Return the lines below exactly as they appear, please, starting with the first and ending with the one that contains "values from neighbouring".

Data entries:
☆ ☆ ☆ ☆ ☆ ☆ ☆
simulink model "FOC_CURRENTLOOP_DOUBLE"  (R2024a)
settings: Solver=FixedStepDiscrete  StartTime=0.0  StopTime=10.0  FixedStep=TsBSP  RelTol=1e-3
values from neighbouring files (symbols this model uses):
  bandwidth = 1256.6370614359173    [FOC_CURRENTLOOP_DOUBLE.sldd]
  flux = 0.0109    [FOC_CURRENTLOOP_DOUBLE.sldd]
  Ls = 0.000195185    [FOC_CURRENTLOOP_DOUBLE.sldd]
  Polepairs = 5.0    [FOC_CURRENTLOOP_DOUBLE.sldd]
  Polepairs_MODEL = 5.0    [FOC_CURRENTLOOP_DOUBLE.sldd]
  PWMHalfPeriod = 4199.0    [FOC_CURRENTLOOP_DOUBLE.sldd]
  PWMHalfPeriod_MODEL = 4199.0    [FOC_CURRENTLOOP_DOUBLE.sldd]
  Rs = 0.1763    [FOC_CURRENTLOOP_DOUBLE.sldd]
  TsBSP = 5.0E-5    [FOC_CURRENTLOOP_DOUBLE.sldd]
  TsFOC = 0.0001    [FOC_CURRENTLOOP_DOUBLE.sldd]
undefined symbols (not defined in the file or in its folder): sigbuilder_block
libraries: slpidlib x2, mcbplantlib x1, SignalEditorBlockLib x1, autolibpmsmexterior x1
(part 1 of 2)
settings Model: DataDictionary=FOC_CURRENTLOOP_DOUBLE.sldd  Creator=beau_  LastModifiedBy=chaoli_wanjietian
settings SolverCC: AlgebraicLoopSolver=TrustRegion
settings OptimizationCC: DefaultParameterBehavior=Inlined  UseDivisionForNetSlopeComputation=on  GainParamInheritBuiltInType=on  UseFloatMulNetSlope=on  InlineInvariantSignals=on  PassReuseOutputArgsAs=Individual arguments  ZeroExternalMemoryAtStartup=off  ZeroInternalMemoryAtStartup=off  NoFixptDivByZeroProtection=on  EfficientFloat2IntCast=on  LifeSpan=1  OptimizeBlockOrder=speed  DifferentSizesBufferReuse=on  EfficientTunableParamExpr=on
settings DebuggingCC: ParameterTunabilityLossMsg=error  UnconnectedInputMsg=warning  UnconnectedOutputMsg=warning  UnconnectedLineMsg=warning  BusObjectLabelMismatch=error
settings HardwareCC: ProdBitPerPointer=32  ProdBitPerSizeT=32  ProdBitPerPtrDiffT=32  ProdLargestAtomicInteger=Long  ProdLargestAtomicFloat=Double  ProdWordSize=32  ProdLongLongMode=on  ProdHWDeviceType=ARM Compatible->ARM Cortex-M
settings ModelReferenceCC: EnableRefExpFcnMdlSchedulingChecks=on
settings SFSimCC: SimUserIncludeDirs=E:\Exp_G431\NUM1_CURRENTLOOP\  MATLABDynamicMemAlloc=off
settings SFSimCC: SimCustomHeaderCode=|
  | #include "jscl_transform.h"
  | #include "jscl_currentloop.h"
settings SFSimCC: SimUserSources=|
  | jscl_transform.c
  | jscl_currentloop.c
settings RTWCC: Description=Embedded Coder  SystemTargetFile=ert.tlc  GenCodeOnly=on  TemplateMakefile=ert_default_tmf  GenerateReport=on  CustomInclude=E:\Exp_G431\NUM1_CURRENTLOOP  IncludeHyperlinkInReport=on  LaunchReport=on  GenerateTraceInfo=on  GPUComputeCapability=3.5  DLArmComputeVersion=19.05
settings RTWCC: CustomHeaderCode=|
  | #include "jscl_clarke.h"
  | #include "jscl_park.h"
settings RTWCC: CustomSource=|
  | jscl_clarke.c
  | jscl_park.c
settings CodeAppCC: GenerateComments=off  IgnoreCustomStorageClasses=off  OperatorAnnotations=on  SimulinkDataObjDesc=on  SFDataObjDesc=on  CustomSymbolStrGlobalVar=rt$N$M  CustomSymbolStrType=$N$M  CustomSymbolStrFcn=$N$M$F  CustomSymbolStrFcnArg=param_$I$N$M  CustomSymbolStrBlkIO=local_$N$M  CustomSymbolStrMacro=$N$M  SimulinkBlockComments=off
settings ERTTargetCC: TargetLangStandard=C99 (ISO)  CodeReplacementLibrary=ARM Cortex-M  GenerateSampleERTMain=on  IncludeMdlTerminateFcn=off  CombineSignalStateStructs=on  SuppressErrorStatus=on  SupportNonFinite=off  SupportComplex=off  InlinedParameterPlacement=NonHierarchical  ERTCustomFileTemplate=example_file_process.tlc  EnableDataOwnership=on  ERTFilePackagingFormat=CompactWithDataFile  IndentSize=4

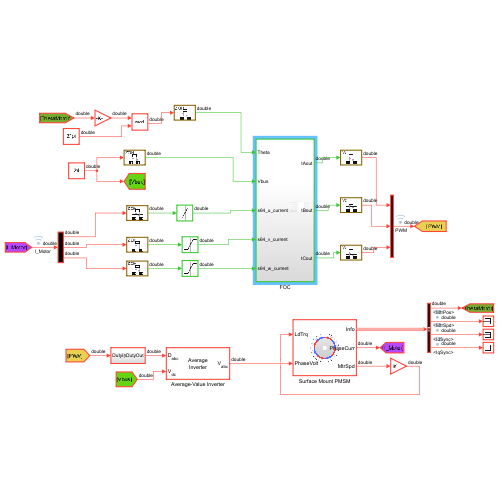
[thumbnail: Simulink's stored preview of the top-level diagram]
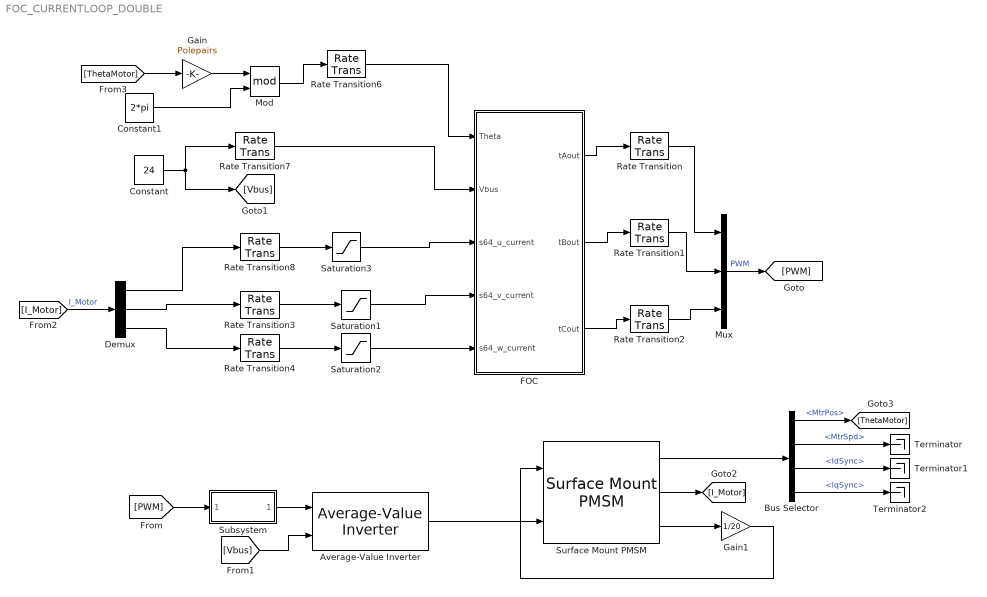
== system FOC_CURRENTLOOP_DOUBLE ==
  Average-Value Inverter : mcbplantlib/Average-Value Inverter
  Bus Selector : BusSelector  OutputSignals=MtrPos,MtrSpd,IdSync,IqSync
  Constant : Constant  Value=24  SampleTime=-1
  Constant1 : Constant  Value=2*pi  SampleTime=-1
  Demux : Demux  Outputs=3
  FOC : Subsystem
  Gain : Gain  Gain=Polepairs
  Gain1 : Gain  Gain=1/20
  Mod : Math  Operator=mod
  Mux : Mux  Inputs=3
  Rate Transition{,1..4,6..8} (8 alike) : RateTransition
  Saturation1 : Saturate  UpperLimit=50  LowerLimit=-50
  Saturation2 : Saturate  UpperLimit=50  LowerLimit=-50
  Saturation3 : Saturate  UpperLimit=50  LowerLimit=-50
  Subsystem : Subsystem
  Surface Mount PMSM : autolibpmsmexterior/Surface Mount PMSM  port_config=Torque  sim_type=Discrete  Ts=TsBSP  P=Polepairs_MODEL  Rs=Rs_MODEL  Ldq_=Ls_MODEL  KConstText=Permanent flux linkage constant (lambda_pm):  lambda_pm=flux_MODEL  Ke=159.9771  Kt=1.323  mechanical=[5.8e-4, 1.59e-4, 0]  idq0=[0 0]  theta_init=0  omega_init=0  KConst=flux_MODEL  lambda_pm_calc=flux_MODEL  RefBlkName='autolibpmsmexterior/Surface Mount PMSM'  aMode=5  Ldq="[0.0017      0.0017]"
  Terminator : Terminator
  Terminator1 : Terminator
  Terminator2 : Terminator
  wires:
  Rate Transition6/1 -> FOC/1(Theta)
  FOC/1(tAout) -> Rate Transition/1
  FOC/2(tBout) -> Rate Transition1/1
  FOC/3(tCout) -> Rate Transition2/1
  Average-Value Inverter/1 -> Surface Mount PMSM/2
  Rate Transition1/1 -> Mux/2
☆ ☆ ☆ ☆ ☆ ☆ ☆
**Exercise output:**
simulink model "FOC_CURRENTLOOP_DOUBLE"  (R2024a)
settings: Solver=FixedStepDiscrete  StartTime=0.0  StopTime=10.0  FixedStep=TsBSP  RelTol=1e-3
values from neighbouring files (symbols this model uses):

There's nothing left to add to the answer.